We wanted to take the opportunity to inform you of a major change in Florida law which has eliminated the statutory caps for non-economic (pain and suffering damages) in medical malpractice cases resulting in death. On March 13, 2014, the Supreme Court of Florida, in Estate of McCall v. U.S. 2014 WL 959180 (Fla.2014), held that the cap on wrongful death noneconomic damages in medical malpractice actions imposed by section 766.118, Florida Statutes, violates the Equal Protection Clause of the Florida Constitution.

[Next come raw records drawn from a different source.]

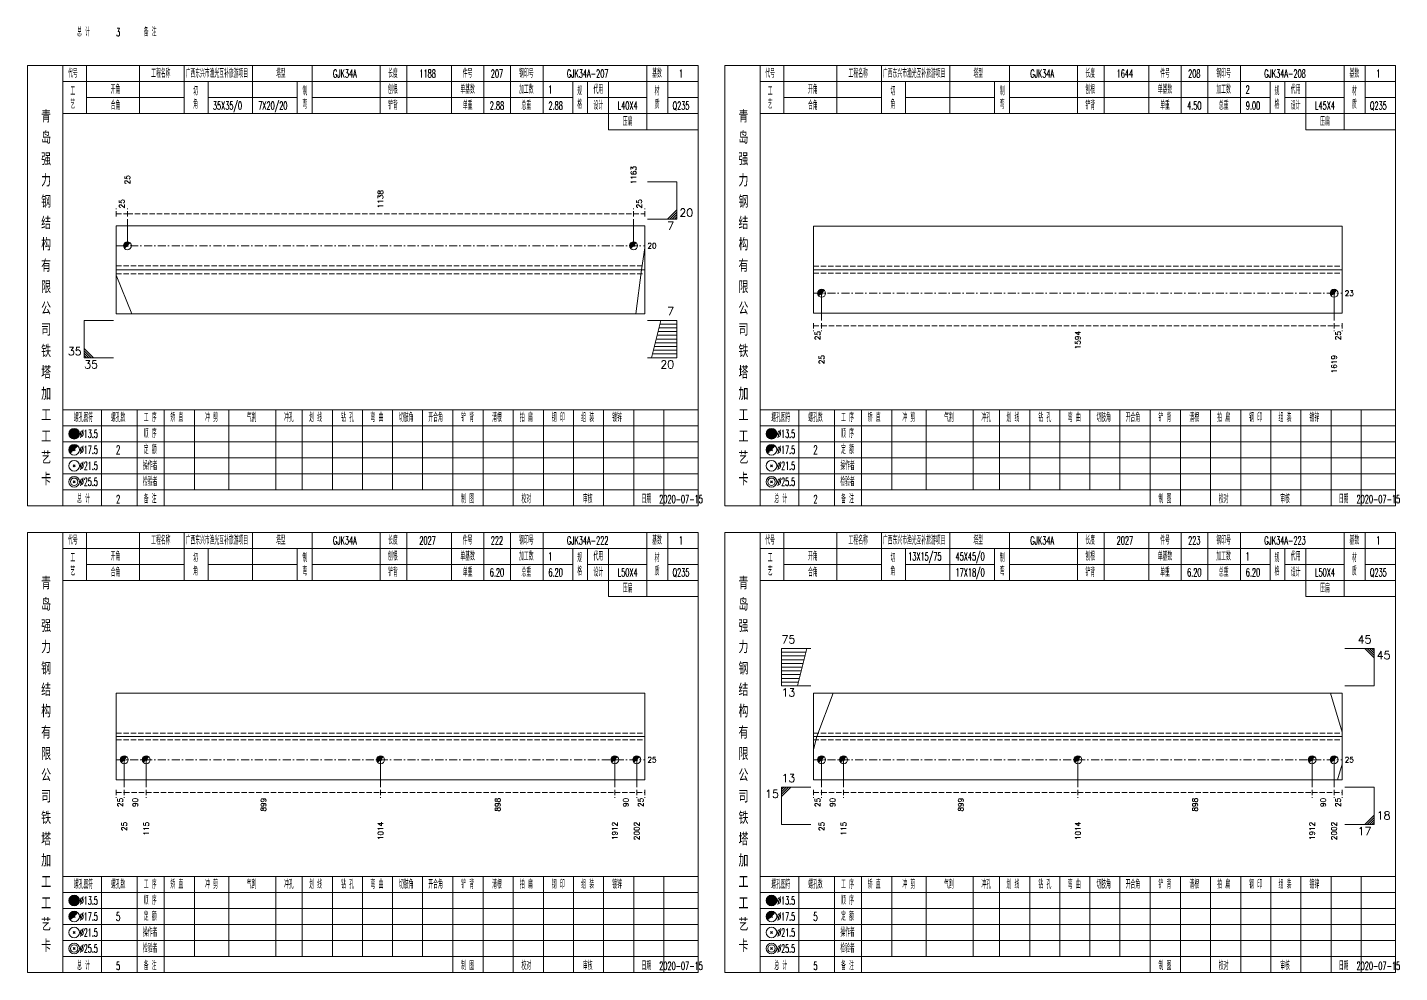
# Model space of a CAD drawing. Extents: x 0 to 2606, y -377 to 6479.
# Drawn here: x 2091 to 2606, y 6125 to 6479 of the extents above; entities that cross this region are included whole.
import ezdxf
from ezdxf.enums import TextEntityAlignment as Align

# ---------------------------------------------------------------- set-up
doc = ezdxf.new("R2010")
doc.units = 0
doc.header["$MEASUREMENT"] = 0
doc.linetypes.add('一点画线', pattern=[5.2, 3, -1, 0.2, -1])
doc.linetypes.add('虚线', pattern=[2.75, 2, -0.75])
doc.layers.get('0').update_dxf_attribs({"linetype": 'CONTINUOUS', "lineweight": 25})
doc.layers.add('1', color=7, linetype='CONTINUOUS', lineweight=25)
doc.layers.add('4', color=7, linetype='CONTINUOUS', lineweight=25)
doc.styles.get("Standard").update_dxf_attribs({"font": 'simplex.shx', "width": 0.7, "height": 3, "bigfont": 'gbhzfs.shx'})

msp = doc.modelspace()

# ---------------------------------------------------------------- linework, layer by layer
at = {"color": 7, "linetype": 'Continuous', "lineweight": 13}
for p, q in [((2334.6, 6421.5), (2323.6, 6421.5)), ((2334.6, 6407.5), (2334.6, 6421.5)), ((2331.1, 6407.5), (2334.6, 6411)), ((2331.98, 6407.5), (2334.6, 6410.12)), ((2332.85, 6407.5), (2334.6, 6409.25)), ((2128.67, 6397.5), (2128.67, 6407.5)), ((2318.43, 6397.5), (2318.43, 6407.5)), ((2334.6, 6407.5), (2323.6, 6407.5)), ((2333.73, 6407.5), (2334.6, 6408.38)), ((2322.6, 6396.75), (2321.43, 6388.5)), ((2321.43, 6388.5), (2319.26, 6372)), ((2124.5, 6386.44), (2130.34, 6372)), ((2388.91, 6379.67), (2388.91, 6369.5)), ((2580.99, 6379.67), (2580.99, 6369.5)), ((2112.5, 6369.5), (2123.5, 6369.5)), ((2112.5, 6369.5), (2112.5, 6355.5)), ((2334.6, 6369.5), (2323.6, 6369.5)), ((2328.6, 6369.5), (2325.1, 6355.5)), ((2334.6, 6368.1), (2328.25, 6368.1)), ((2334.6, 6369.5), (2334.6, 6355.5)), ((2334.6, 6362.5), (2326.85, 6362.5)), ((2334.6, 6363.9), (2327.2, 6363.9)), ((2334.6, 6365.3), (2327.55, 6365.3)), ((2334.6, 6366.7), (2327.9, 6366.7)), ((2116, 6355.5), (2112.5, 6359)), ((2115.12, 6355.5), (2112.5, 6358.12)), ((2334.6, 6358.3), (2325.8, 6358.3)), ((2334.6, 6359.7), (2326.15, 6359.7)), ((2334.6, 6361.1), (2326.5, 6361.1)), ((2114.25, 6355.5), (2112.5, 6357.25)), ((2113.38, 6355.5), (2112.5, 6356.38)), ((2112.5, 6355.5), (2123.5, 6355.5)), ((2334.6, 6355.5), (2323.6, 6355.5)), ((2334.6, 6356.9), (2325.45, 6356.9)), ((2373.9, 6246.5), (2384.9, 6246.5)), ((2373.9, 6232.5), (2373.9, 6246.5)), ((2373.9, 6245.1), (2383.05, 6245.1)), ((2379.9, 6232.5), (2383.4, 6246.5)), ((2596, 6246.5), (2585, 6246.5)), ((2592.5, 6246.5), (2596, 6243)), ((2593.38, 6246.5), (2596, 6243.88)), ((2594.25, 6246.5), (2596, 6244.75)), ((2595.12, 6246.5), (2596, 6245.62)), ((2596, 6232.5), (2596, 6246.5)), ((2373.9, 6243.7), (2382.7, 6243.7)), ((2373.9, 6242.3), (2382.35, 6242.3)), ((2373.9, 6240.9), (2382, 6240.9)), ((2373.9, 6239.5), (2381.65, 6239.5)), ((2373.9, 6238.1), (2381.3, 6238.1)), ((2373.9, 6236.7), (2380.95, 6236.7)), ((2373.9, 6235.3), (2380.6, 6235.3)), ((2373.9, 6233.9), (2380.25, 6233.9)), ((2373.9, 6232.5), (2384.9, 6232.5)), ((2387.17, 6213.5), (2393.23, 6229.7)), ((2584, 6215.12), (2579.6, 6229.7)), ((2596, 6232.5), (2585, 6232.5)), ((2385.9, 6208.64), (2387.17, 6213.5)), ((2127.5, 6204.8), (2127.5, 6194.5)), ((2135.74, 6204.8), (2135.74, 6194.5)), ((2223.6, 6204.8), (2223.6, 6194.5)), ((2311.36, 6204.8), (2311.36, 6194.5)), ((2319.6, 6204.8), (2319.6, 6194.5)), ((2388.9, 6204.8), (2388.9, 6194.5)), ((2397.14, 6204.8), (2397.14, 6194.5)), ((2485, 6204.8), (2485, 6194.5)), ((2572.76, 6204.8), (2572.76, 6194.5)), ((2581, 6204.8), (2581, 6194.5)), ((2584, 6203.13), (2582.34, 6197.3)), ((2373.9, 6194.5), (2384.9, 6194.5)), ((2373.9, 6194.5), (2373.9, 6180.5)), ((2374.78, 6194.5), (2373.9, 6193.62)), ((2375.65, 6194.5), (2373.9, 6192.75)), ((2376.53, 6194.5), (2373.9, 6191.88)), ((2377.4, 6194.5), (2373.9, 6191)), ((2596, 6194.5), (2585, 6194.5)), ((2596, 6194.5), (2596, 6180.5)), ((2592.5, 6180.5), (2596, 6184)), ((2593.38, 6180.5), (2596, 6183.12)), ((2373.9, 6180.5), (2384.9, 6180.5)), ((2596, 6180.5), (2585, 6180.5)), ((2594.25, 6180.5), (2596, 6182.25)), ((2595.12, 6180.5), (2596, 6181.38))]:
    msp.add_line(p, q, dxfattribs=at)
at = {"color": 8, "linetype": '虚线', "lineweight": 9}
for p, q in [((2124.5, 6408.5), (2124.5, 6411.5)), ((2124.5, 6409.5), (2128.67, 6409.5)), ((2128.67, 6408.5), (2128.67, 6411.5)), ((2128.67, 6408.5), (2128.67, 6411.5)), ((2128.67, 6409.5), (2318.43, 6409.5)), ((2318.43, 6408.5), (2318.43, 6411.5)), ((2318.43, 6408.5), (2318.43, 6411.5)), ((2318.43, 6409.5), (2322.6, 6409.5)), ((2322.6, 6408.5), (2322.6, 6411.5)), ((2385.9, 6368.5), (2385.9, 6365.5)), ((2388.91, 6368.5), (2388.91, 6365.5)), ((2388.91, 6368.5), (2388.91, 6365.5)), ((2580.99, 6368.5), (2580.99, 6365.5)), ((2580.99, 6368.5), (2580.99, 6365.5)), ((2584, 6368.5), (2584, 6365.5)), ((2385.9, 6367.5), (2388.91, 6367.5)), ((2388.91, 6367.5), (2580.99, 6367.5)), ((2580.99, 6367.5), (2584, 6367.5)), ((2124.5, 6193.5), (2124.5, 6190.5)), ((2127.5, 6193.5), (2127.5, 6190.5)), ((2127.5, 6193.5), (2127.5, 6190.5)), ((2135.74, 6193.5), (2135.74, 6190.5)), ((2135.74, 6193.5), (2135.74, 6190.5)), ((2223.6, 6193.5), (2223.6, 6190.5)), ((2223.6, 6193.5), (2223.6, 6190.5)), ((2311.36, 6193.5), (2311.36, 6190.5)), ((2311.36, 6193.5), (2311.36, 6190.5)), ((2319.6, 6193.5), (2319.6, 6190.5)), ((2319.6, 6193.5), (2319.6, 6190.5)), ((2322.6, 6193.5), (2322.6, 6190.5)), ((2385.9, 6193.5), (2385.9, 6190.5)), ((2388.9, 6193.5), (2388.9, 6190.5)), ((2388.9, 6193.5), (2388.9, 6190.5)), ((2397.14, 6193.5), (2397.14, 6190.5)), ((2397.14, 6193.5), (2397.14, 6190.5)), ((2485, 6193.5), (2485, 6190.5)), ((2485, 6193.5), (2485, 6190.5)), ((2572.76, 6193.5), (2572.76, 6190.5)), ((2572.76, 6193.5), (2572.76, 6190.5)), ((2581, 6193.5), (2581, 6190.5)), ((2581, 6193.5), (2581, 6190.5)), ((2584, 6193.5), (2584, 6190.5)), ((2124.5, 6192.5), (2127.5, 6192.5)), ((2127.5, 6192.5), (2135.74, 6192.5)), ((2135.74, 6192.5), (2223.6, 6192.5)), ((2223.6, 6192.5), (2311.36, 6192.5)), ((2311.36, 6192.5), (2319.6, 6192.5)), ((2319.6, 6192.5), (2322.6, 6192.5)), ((2385.9, 6192.5), (2388.9, 6192.5)), ((2388.9, 6192.5), (2397.14, 6192.5)), ((2397.14, 6192.5), (2485, 6192.5)), ((2485, 6192.5), (2572.76, 6192.5)), ((2572.76, 6192.5), (2581, 6192.5)), ((2581, 6192.5), (2584, 6192.5))]:
    msp.add_line(p, q, dxfattribs=at)
at = {"color": 7, "linetype": 'Continuous', "lineweight": 18}
for p, q in [((2124.5, 6405), (2124.5, 6372)), ((2124.5, 6405), (2322.6, 6405)), ((2322.6, 6405), (2322.6, 6372)), ((2385.9, 6404.83), (2385.9, 6372.17)), ((2385.9, 6404.83), (2584, 6404.83)), ((2584, 6404.83), (2584, 6372.17)), ((2124.5, 6388.5), (2322.6, 6388.5)), ((2385.9, 6388.5), (2584, 6388.5)), ((2124.5, 6229.7), (2124.5, 6197.3)), ((2124.5, 6229.7), (2322.6, 6229.7)), ((2322.6, 6229.7), (2322.6, 6197.3)), ((2385.9, 6229.7), (2385.9, 6197.3)), ((2385.9, 6229.7), (2584, 6229.7)), ((2584, 6229.7), (2584, 6197.3)), ((2124.5, 6213.5), (2322.6, 6213.5)), ((2385.9, 6213.5), (2584, 6213.5))]:
    msp.add_line(p, q, dxfattribs=at)
at = {"color": 3, "linetype": '一点画线', "lineweight": 13}
for p, q in [((2124.5, 6397.5), (2322.6, 6397.5)), ((2385.9, 6379.67), (2584, 6379.67)), ((2124.5, 6204.8), (2322.6, 6204.8)), ((2385.9, 6204.8), (2584, 6204.8))]:
    msp.add_line(p, q, dxfattribs=at)
at = {"color": 7, "linetype": 'Continuous', "lineweight": 0}
for p, q in [((2128.37, 6397.2), (2128.97, 6397.8)), ((2128.37, 6397.8), (2128.97, 6397.2)), ((2318.13, 6397.2), (2318.73, 6397.8)), ((2318.13, 6397.8), (2318.73, 6397.2))]:
    msp.add_line(p, q, dxfattribs=at)
at = {"color": 1, "linetype": '虚线', "lineweight": 18}
for p, q in [((2124.5, 6390), (2322.6, 6390)), ((2385.9, 6389.83), (2584, 6389.83)), ((2124.5, 6387), (2322.6, 6387)), ((2385.9, 6387.17), (2584, 6387.17)), ((2124.5, 6214.7), (2322.6, 6214.7)), ((2385.9, 6214.7), (2584, 6214.7)), ((2124.5, 6212.3), (2322.6, 6212.3)), ((2385.9, 6212.3), (2584, 6212.3))]:
    msp.add_line(p, q, dxfattribs=at)
at = {"color": 7, "linetype": 'Continuous', "lineweight": 13}
for centre in [(2128.67, 6397.5), (2318.43, 6397.5)]:
    msp.add_circle(centre, 1.5, dxfattribs=at)
for centre, radius in [((2128.67, 6397.5), 1.35), ((2128.67, 6397.5), 1.2), ((2128.67, 6397.5), 1.05), ((2318.43, 6397.5), 1.35), ((2318.43, 6397.5), 1.2), ((2318.43, 6397.5), 1.05), ((2128.67, 6397.5), 0.9), ((2128.67, 6397.5), 0.75), ((2128.67, 6397.5), 0.6), ((2128.67, 6397.5), 0.45), ((2128.67, 6397.5), 0.3), ((2128.67, 6397.5), 0.15), ((2318.43, 6397.5), 0.9), ((2318.43, 6397.5), 0.75), ((2318.43, 6397.5), 0.6), ((2318.43, 6397.5), 0.45), ((2318.43, 6397.5), 0.3), ((2318.43, 6397.5), 0.15)]:
    msp.add_arc(centre, radius, 45, 225, dxfattribs=at)
at = {"layer": '1', "color": 7, "linetype": 'Continuous', "lineweight": 0}
for p, q in [((2388.61, 6379.37), (2389.21, 6379.97)), ((2388.61, 6379.97), (2389.21, 6379.37)), ((2580.69, 6379.37), (2581.29, 6379.97)), ((2580.69, 6379.97), (2581.29, 6379.37)), ((2127.2, 6204.5), (2127.8, 6205.1)), ((2127.2, 6205.1), (2127.8, 6204.5)), ((2135.44, 6204.5), (2136.04, 6205.1)), ((2135.44, 6205.1), (2136.04, 6204.5)), ((2223.3, 6204.5), (2223.9, 6205.1)), ((2223.3, 6205.1), (2223.9, 6204.5)), ((2311.06, 6204.5), (2311.66, 6205.1)), ((2311.06, 6205.1), (2311.66, 6204.5)), ((2319.3, 6204.5), (2319.9, 6205.1)), ((2319.3, 6205.1), (2319.9, 6204.5)), ((2388.6, 6204.5), (2389.2, 6205.1)), ((2388.6, 6205.1), (2389.2, 6204.5)), ((2396.84, 6204.5), (2397.44, 6205.1)), ((2396.84, 6205.1), (2397.44, 6204.5)), ((2484.7, 6204.5), (2485.3, 6205.1)), ((2484.7, 6205.1), (2485.3, 6204.5)), ((2572.46, 6204.5), (2573.06, 6205.1)), ((2572.46, 6205.1), (2573.06, 6204.5)), ((2580.7, 6204.5), (2581.3, 6205.1)), ((2580.7, 6205.1), (2581.3, 6204.5))]:
    msp.add_line(p, q, dxfattribs=at)
at = {"layer": '1', "color": 7, "linetype": 'Continuous', "lineweight": 18}
for p, q in [((2124.5, 6372), (2322.6, 6372)), ((2385.9, 6372.17), (2584, 6372.17)), ((2124.5, 6197.3), (2322.6, 6197.3)), ((2385.9, 6197.3), (2584, 6197.3))]:
    msp.add_line(p, q, dxfattribs=at)
at = {"layer": '1', "color": 7, "linetype": 'Continuous', "lineweight": 13}
for centre in [(2388.91, 6379.67), (2580.99, 6379.67), (2127.5, 6204.8), (2135.74, 6204.8), (2223.6, 6204.8), (2311.36, 6204.8), (2319.6, 6204.8), (2388.9, 6204.8), (2397.14, 6204.8), (2485, 6204.8), (2572.76, 6204.8), (2581, 6204.8)]:
    msp.add_circle(centre, 1.5, dxfattribs=at)
for centre, radius in [((2388.91, 6379.67), 1.35), ((2388.91, 6379.67), 1.2), ((2388.91, 6379.67), 1.05), ((2388.91, 6379.67), 0.9), ((2388.91, 6379.67), 0.75), ((2388.91, 6379.67), 0.6), ((2388.91, 6379.67), 0.45), ((2388.91, 6379.67), 0.3), ((2388.91, 6379.67), 0.15), ((2580.99, 6379.67), 1.35), ((2580.99, 6379.67), 1.2), ((2580.99, 6379.67), 1.05), ((2580.99, 6379.67), 0.9), ((2580.99, 6379.67), 0.75), ((2580.99, 6379.67), 0.6), ((2580.99, 6379.67), 0.45), ((2580.99, 6379.67), 0.3), ((2580.99, 6379.67), 0.15), ((2127.5, 6204.8), 1.35), ((2127.5, 6204.8), 1.2), ((2127.5, 6204.8), 1.05), ((2127.5, 6204.8), 0.9), ((2127.5, 6204.8), 0.75), ((2127.5, 6204.8), 0.6), ((2127.5, 6204.8), 0.45), ((2127.5, 6204.8), 0.3), ((2127.5, 6204.8), 0.15), ((2135.74, 6204.8), 1.35), ((2135.74, 6204.8), 1.2), ((2135.74, 6204.8), 1.05), ((2135.74, 6204.8), 0.9), ((2135.74, 6204.8), 0.75), ((2135.74, 6204.8), 0.6), ((2135.74, 6204.8), 0.45), ((2135.74, 6204.8), 0.3), ((2135.74, 6204.8), 0.15), ((2223.6, 6204.8), 1.35), ((2223.6, 6204.8), 1.2), ((2223.6, 6204.8), 1.05), ((2223.6, 6204.8), 0.9), ((2223.6, 6204.8), 0.75), ((2223.6, 6204.8), 0.6), ((2223.6, 6204.8), 0.45), ((2223.6, 6204.8), 0.3), ((2223.6, 6204.8), 0.15), ((2311.36, 6204.8), 1.35), ((2311.36, 6204.8), 1.2), ((2311.36, 6204.8), 1.05), ((2311.36, 6204.8), 0.9), ((2311.36, 6204.8), 0.75), ((2311.36, 6204.8), 0.6), ((2311.36, 6204.8), 0.45), ((2311.36, 6204.8), 0.3), ((2311.36, 6204.8), 0.15), ((2319.6, 6204.8), 1.35), ((2319.6, 6204.8), 1.2), ((2319.6, 6204.8), 1.05), ((2319.6, 6204.8), 0.9), ((2319.6, 6204.8), 0.75), ((2319.6, 6204.8), 0.6), ((2319.6, 6204.8), 0.45), ((2319.6, 6204.8), 0.3), ((2319.6, 6204.8), 0.15), ((2388.9, 6204.8), 1.35), ((2388.9, 6204.8), 1.2), ((2388.9, 6204.8), 1.05), ((2388.9, 6204.8), 0.9), ((2388.9, 6204.8), 0.75), ((2388.9, 6204.8), 0.6), ((2388.9, 6204.8), 0.45), ((2388.9, 6204.8), 0.3), ((2388.9, 6204.8), 0.15), ((2397.14, 6204.8), 1.35), ((2397.14, 6204.8), 1.2), ((2397.14, 6204.8), 1.05), ((2397.14, 6204.8), 0.9), ((2397.14, 6204.8), 0.75), ((2397.14, 6204.8), 0.6), ((2397.14, 6204.8), 0.45), ((2397.14, 6204.8), 0.3), ((2397.14, 6204.8), 0.15), ((2485, 6204.8), 1.35), ((2485, 6204.8), 1.2), ((2485, 6204.8), 1.05), ((2485, 6204.8), 0.9), ((2485, 6204.8), 0.75), ((2485, 6204.8), 0.6), ((2485, 6204.8), 0.45), ((2485, 6204.8), 0.3), ((2485, 6204.8), 0.15), ((2572.76, 6204.8), 1.35), ((2572.76, 6204.8), 1.2), ((2572.76, 6204.8), 1.05), ((2572.76, 6204.8), 0.9), ((2572.76, 6204.8), 0.75), ((2572.76, 6204.8), 0.6), ((2572.76, 6204.8), 0.45), ((2572.76, 6204.8), 0.3), ((2572.76, 6204.8), 0.15), ((2581, 6204.8), 1.35), ((2581, 6204.8), 1.2), ((2581, 6204.8), 1.05), ((2581, 6204.8), 0.9), ((2581, 6204.8), 0.75), ((2581, 6204.8), 0.6), ((2581, 6204.8), 0.45), ((2581, 6204.8), 0.3), ((2581, 6204.8), 0.15)]:
    msp.add_arc(centre, radius, 45, 225, dxfattribs=at)
at = {"layer": '4', "color": 1, "linetype": 'Continuous', "lineweight": 18}
for p, q in [((2104.5, 6300), (2104.5, 6465)), ((2113.4, 6447), (2113.4, 6465)), ((2133.2, 6447), (2133.2, 6465)), ((2150, 6447), (2150, 6465)), ((2175.6, 6447), (2175.6, 6465)), ((2197.9, 6447), (2197.9, 6465)), ((2223.4, 6447), (2223.4, 6465)), ((2233.4, 6447), (2233.4, 6465)), ((2250.1, 6447), (2250.1, 6465)), ((2262.3, 6447), (2262.3, 6465)), ((2272.3, 6447), (2272.3, 6465)), ((2284.5, 6447), (2284.5, 6465)), ((2323.4, 6441), (2323.4, 6465)), ((2331.2, 6447), (2331.2, 6465)), ((2365.9, 6300), (2365.9, 6465)), ((2374.8, 6447), (2374.8, 6465)), ((2394.6, 6447), (2394.6, 6465)), ((2411.4, 6447), (2411.4, 6465)), ((2437, 6447), (2437, 6465)), ((2459.3, 6447), (2459.3, 6465)), ((2484.8, 6447), (2484.8, 6465)), ((2494.8, 6447), (2494.8, 6465)), ((2511.5, 6447), (2511.5, 6465)), ((2523.7, 6447), (2523.7, 6465)), ((2533.7, 6447), (2533.7, 6465)), ((2545.9, 6447), (2545.9, 6465)), ((2584.8, 6441), (2584.8, 6465)), ((2592.6, 6447), (2592.6, 6465)), ((2104.5, 6459), (2342.6, 6459)), ((2159, 6447), (2159, 6459)), ((2192.3, 6447), (2192.3, 6459)), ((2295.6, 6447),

In reaching this decision, the Supreme Court of Florida applied a rational basis test in which it found that the differing treatment of malpractice claimants based on the number of claimants is arbitrary and rejected the prior findings of the Florida legislature regarding the existence of a legitimate state interest due to a medical malpractice insurance crisis resulting in Florida physicians discontinuing their practice or refusing to perform high-risk procedures, due to the increase in medical liability insurance premiums. Although the Supreme Court of Florida declined to answer certified questions addressing the caps in a more general nature, which would have necessarily included medical practice cases which did not result in death, on the basis that such answers would be impermissible advisory opinions, we believe that the court’s findings in McCall has laid an excellent foundation for challenges to the existence of the caps in their entirety. We would anticipate such a challenge in any case in Florida where a request for a reduction of a verdict based on the non-economic damages caps is requested.
Finally, the court’s findings in McCall have laid an excellent foundation for challenges to the existence of the caps in their entirety. We note that the McCall decision has not yet been released for publication in the permanent law reports, but the court’s docket does not reflect that rehearing has been sought, so we do expect that will occur in short order.